Por Antonio Jiménez-Blanco Carrillo de Albornoz

 

Todos los medios se han hecho eco la triste noticia del fallecimiento y, por supuesto, han recordado algunos de los puestos que desempeñó: Ministro de Justicia (1977-79) y Presidente del Congreso de los Diputados (1079-1982), para ser nombrado luego en el Consejo de Estado -su hogar en cuanto funcionario del cuerpo de Letrados- como miembro permanente. Allí ha trabajado casi cuarenta años.

No se trata ahora de volver con lo mismo, ni tampoco de repetir por enésima vez la cantinela de cotejar los rasgos de quienes se metieron en política en la transición (aquellos cinco años, de 1977 a 1982, valen como todo un mundo: representan eso que se conoce como «el pasado que no pasa») y los que, con mucha menos calidad intelectual y personal, hoy desempeñan ese oficio. Es un discurso que, por obvio, no ha lugar a reproducir de nuevo.
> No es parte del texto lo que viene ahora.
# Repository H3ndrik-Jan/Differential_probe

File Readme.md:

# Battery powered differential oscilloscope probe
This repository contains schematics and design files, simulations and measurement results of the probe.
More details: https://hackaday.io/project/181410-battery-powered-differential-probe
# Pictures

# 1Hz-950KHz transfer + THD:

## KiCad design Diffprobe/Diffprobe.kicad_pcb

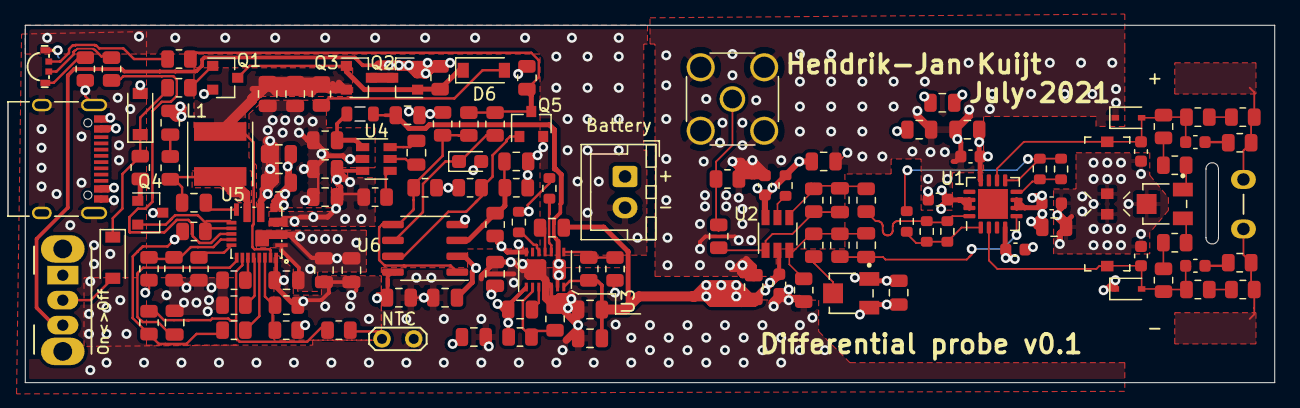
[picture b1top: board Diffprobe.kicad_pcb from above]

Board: 4 copper layers, 100.0 x 28.6 mm, 130 parts (0 on the bottom side), 70 nets.

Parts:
BT1: Battery; JST_XH_B2B-XH-A_1x02_P2.50mm_Vertical
C1, C2, C7, C22: 100n; C_0603_1608Metric
C3, C4: 3p; C_0603_1608Metric
C5, C6, C11, C15, C16, C17, C18, C19, C20, C25, C28, C29, C30, C32: 10u; C_0805_2012Metric
C8, C12, C13, C14, C21, C42, C43, C44: 100n; C_0805_2012Metric
C9, C10, C31: DNP; C_0805_2012Metric
C23, C24: 1n; C_0603_1608Metric
C26, C27: 10n; C_0805_2012Metric
C33, C34: 1u; C_0805_2012Metric
C35: TBD; C_0805_2012Metric
C36, C39, C40: 3.3u; C_0805_2012Metric
C37, C38: DNP; R_0603_1608Metric
C41: 10u; CP_EIA-2012-15_AVX-P
C45, C46: DNP; C_0603_1608Metric
CV3, CV4: 30p; C_Trimmer_Murata_TZC3
D1, D2: ESD128; D_SOD-323
D3: LED_ABGR; MHS110_RGB
D4, D5, D6: 1N4148W; D_SOD-123
FB1: Ferrite_Bead; L_0805_2012Metric
J1: Conn_Coaxial; SMA_Wurth_60312002114503_Vertical
J2: Conn_01x02_Female; probepads
L1: 8.2uH; L_Taiyo-Yuden_MD-5050
P1: USB_C_Plug_USB2.0; USB_C_Receptacle_XKB_U262-16XN-4BVC11
Q1, Q5: MMBT3904; SOT-23
Q2, Q3, Q4: DMG3415; SOT-23
R1, R3: 330R; R_0603_1608Metric
R2: DNP; R_0603_1608Metric
R4, R5, R6, R7: 330R; R_0805_2012Metric
R8: 50R; R_0805_2012Metric
R9: 1Meg; R_0805_2012Metric
R10, R11, R52, R53: 2Meg; R_0805_2012Metric
R12, R13: 402K; R_0805_2012Metric
R14, R15: 1K tf; R_0805_2012Metric
R16, R18, R27, R42: 22K; R_0805_2012Metric
R17, R41, R43: 100K; R_0805_2012Metric
R19, R21, R44: 33K; R_0805_2012Metric
R20: 12K; R_0805_2012Metric
R22: 2K; R_0805_2012Metric
R23, R37: 1K; R_0805_2012Metric
R24, R38: DNP; R_0805_2012Metric
R25: 3,3K; R_0805_2012Metric
R26: 220K; R_0805_2012Metric
R28: 4.42K; R_0805_2012Metric
R29: 36K; R_0805_2012Metric
R30, R39, R49: 10K; R_0805_2012Metric
R31, R32, R40: 10K; R_0603_1608Metric
R33, R35: 11K; R_0805_2012Metric
R34, R36: 3.57K; R_0805_2012Metric
R45, R47, R48, R50, R51: 47K; R_0805_2012Metric
R46: 27K; R_0805_2012Metric
R54, R55: 42.2K; R_0805_2012Metric
RV1: 20K; TRIM_3313J-1-103E
RV2: 500R; TRIM_3313J-1-103E
SW1: SW_SPDT; SW_CuK_OS102011MA1QN1_SPDT_Angled
TH1: Thermistor_NTC; TestPoint_2Pads_Pitch2.54mm_Drill0.8mm
U1: ADA4817-2; LFCSP-16-1EP_4x4mm_P0.65mm_EP2.4x2.4mm
U2: LTC6228xS6; TSOT-23-6
U3: LT3032; Linear_DE14MA
U4: LM2776; SOT-23-6
U5: SY6926; QFN-20_L4.0-W4.0-P0.45-BL
U6: TS372; SO-8_3.9x4.9mm_P1.27mm

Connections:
+5V: C1.1, C5.1, C7.1, C17.1, C21.1, C23.1, C26.1, C28.1, C39.1, C40.1, R31.2, R33.1, RV1.3, U1.6, U1.7, U1.14, U1.15, U2.6, U3.1
-5V: C2.2, C6.2, C8.2, C18.2, C22.2, C24.2, C27.1, C29.1, C39.2, C40.2, R35.1, RV1.1, U1.4, U1.12, U2.2, U3.7
-VDC: C36.1, FB1.1, U3.6, U3.9
/Battery management/BUS: C15.1, C19.1, D3.1, R24.2, R27.1, R43.1, U5.4
/Battery management/Enable: Q4.2, R43.2, U5.8, U5.9
/Battery management/VUSB: C11.1, C12.1, C25.1, D5.2, P1.A4, P1.A9, P1.B4, P1.B9, R19.1, U5.1, U5.2
/IN+: J2.2, R15.2, R53.2
/IN-: J2.1, R14.2, R52.2
/OUTPUT: J1.1, R8.1, R9.1
Bat_Indicator: Q5.3, R23.2, R48.1, R49.1, R51.2
Battery: BT1.1, C43.1, Q2.2, R41.1, SW1.3, U6.2
GND: BT1.2, C1.2, C2.1, C5.2, C6.1, C7.2, C8.1, C11.2, C12.2, C13.2, C15.2, C16.2, C17.2, C18.1, C19.2, C20.2, C21.2, C22.1, C23.2, C24.1, C25.2, C28.2, C29.2, C30.2, C31.1, C32.2, C34.2, C35.2, C36.2, C41.2, C42.2, C43.2, C44.2, C45.2, C46.1, CV3.1, CV4.1, D1.1, D2.1, J1.2, P1.A1, P1.A12, P1.B1, P1.B12, P1.S1, Q1.2, Q4.3, Q5.2, R6.2, R9.2, R20.2, R21.2, R22.2, R25.2, R26.1, R30.2, R34.2, R36.2, R45.2, R47.2, RV2.2, TH1.2, U3.4, U3.5, U4.2, U5.5, U5.20, U6.4
unnamed: C3.1, C45.1, CV3.2, D1.2, R10.1, R12.1, U1.2
unnamed: C3.2, R14.1
unnamed: C4.1, C46.2, CV4.2, D2.2, R11.1, R13.2, U1.10
unnamed: C4.2, R15.1
unnamed: C9.1, R5.1, R6.1, R18.2, U2.3
unnamed: C10.1, R7.1, R8.2, U2.1
unnamed: C10.2, R4.1, R7.2, U2.4
unnamed: C13.1, U5.13
unnamed: C14.1, L1.2, R38.2, U5.6
unnamed: C14.2, U5.7
unnamed: C20.1, C30.1, L1.1, Q3.2, R17.1, U5.19
unnamed: C26.2, U3.3
unnamed: C27.2, U3.11
unnamed: C31.2, R38.1
unnamed: C33.1, U4.5
unnamed: C33.2, U4.6
unnamed: C34.1, FB1.2, U4.1
unnamed: C37.1, R1.1, R4.2, U1.13, U1.16
unnamed: C37.2, R1.2, R2.1, U1.1
unnamed: C38.1, R2.2, R3.1, U1.9
unnamed: C9.2, C38.2, R3.2, R5.2, U1.5, U1.8
unnamed: C41.1, R48.2, U6.6
unnamed: C42.1, R44.2, R45.1, U6.3
unnamed: D3.2, R23.1
unnamed: D3.3, R37.1
unnamed: D3.4, R22.1
unnamed: D4.1, D5.1, R16.2, R42.2
unnamed: D4.2, SW1.2
unnamed: D6.1, Q1.3, Q2.1, Q3.1, R41.2
unnamed: D6.2, R17.2
unnamed: Q1.1, R16.1
unnamed: Q2.3, Q3.3
unnamed: Q4.1, R42.1
unnamed: Q5.1, R50.2, U6.7
unnamed: R10.2, R52.1
unnamed: R11.2, R53.1
unnamed: R12.2, R54.1
unnamed: R13.1, R55.2
unnamed: R18.1, RV1.2
unnamed: R19.2, R20.1, U5.11
unnamed: R21.1, U5.15
unnamed: R24.1, U5.17
unnamed: R25.1, U5.12
unnamed: R26.2, U5.16
unnamed: R27.2, R28.1, U5.14
unnamed: R28.2, TH1.1
unnamed: R29.2, R30.1, U5.18
unnamed: R31.1, U2.5
unnamed: R32.2, U3.12
unnamed: R33.2, R34.1, U3.2
unnamed: R35.2, R36.1, U3.8
unnamed: R37.2, U5.10
unnamed: R39.2, U4.4
unnamed: R40.2, U3.10
unnamed: R46.2, R47.1, R49.2, U6.1, U6.5
unnamed: R54.2, RV2.3
unnamed: R55.1, RV2.1
VDC: C16.1, C32.1, C35.1, C44.1, R29.1, R32.1, R39.1, R40.1, R44.1, R46.1, R50.1, R51.1, U3.14, U4.3, U5.3, U6.8

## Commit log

2021-07-13 two symbols added
2021-07-15 differential amplifier + simulations + batterycharger added
2021-07-24 more circuitry & simulation added
2021-08-22 gitignore added
2021-10-05 readme, 3d files, measurements and more added

Lavilla era, en primer lugar, un hombre con una personalidad muy suya: alguien, por así decir, infungible. No sólo por su nombre de pila (nadie conoce a otro ser humano que se llame así, salvo que hablemos de su hijo primogénito) sino también por su modo de ser y de comportarse. De su padre y de su madre, como suele decirse. Eso tan socorrido, y poco amable, de que “los políticos son todos iguales” -de los grupos parlamentarios sólo cuenta el monto de sus miembros, al modo de lo que sucede con el ganado: lo que importa es el número de cabezas- valdrá quizá en otros casos pero no aquí. Hasta la manera de expresarse, deletreando las palabras al grado de degustarlas, y el timbre de voz se hacían inconfundibles. Y por no hablar de su modo de gesticular, más con los dedos que con las manos. Genio y figura: lo propio de quienes tienen eso tan indefinible que se llama carisma. Los tratantes de reses lo tendrían difícil para manejarse con ese tipo de piezas.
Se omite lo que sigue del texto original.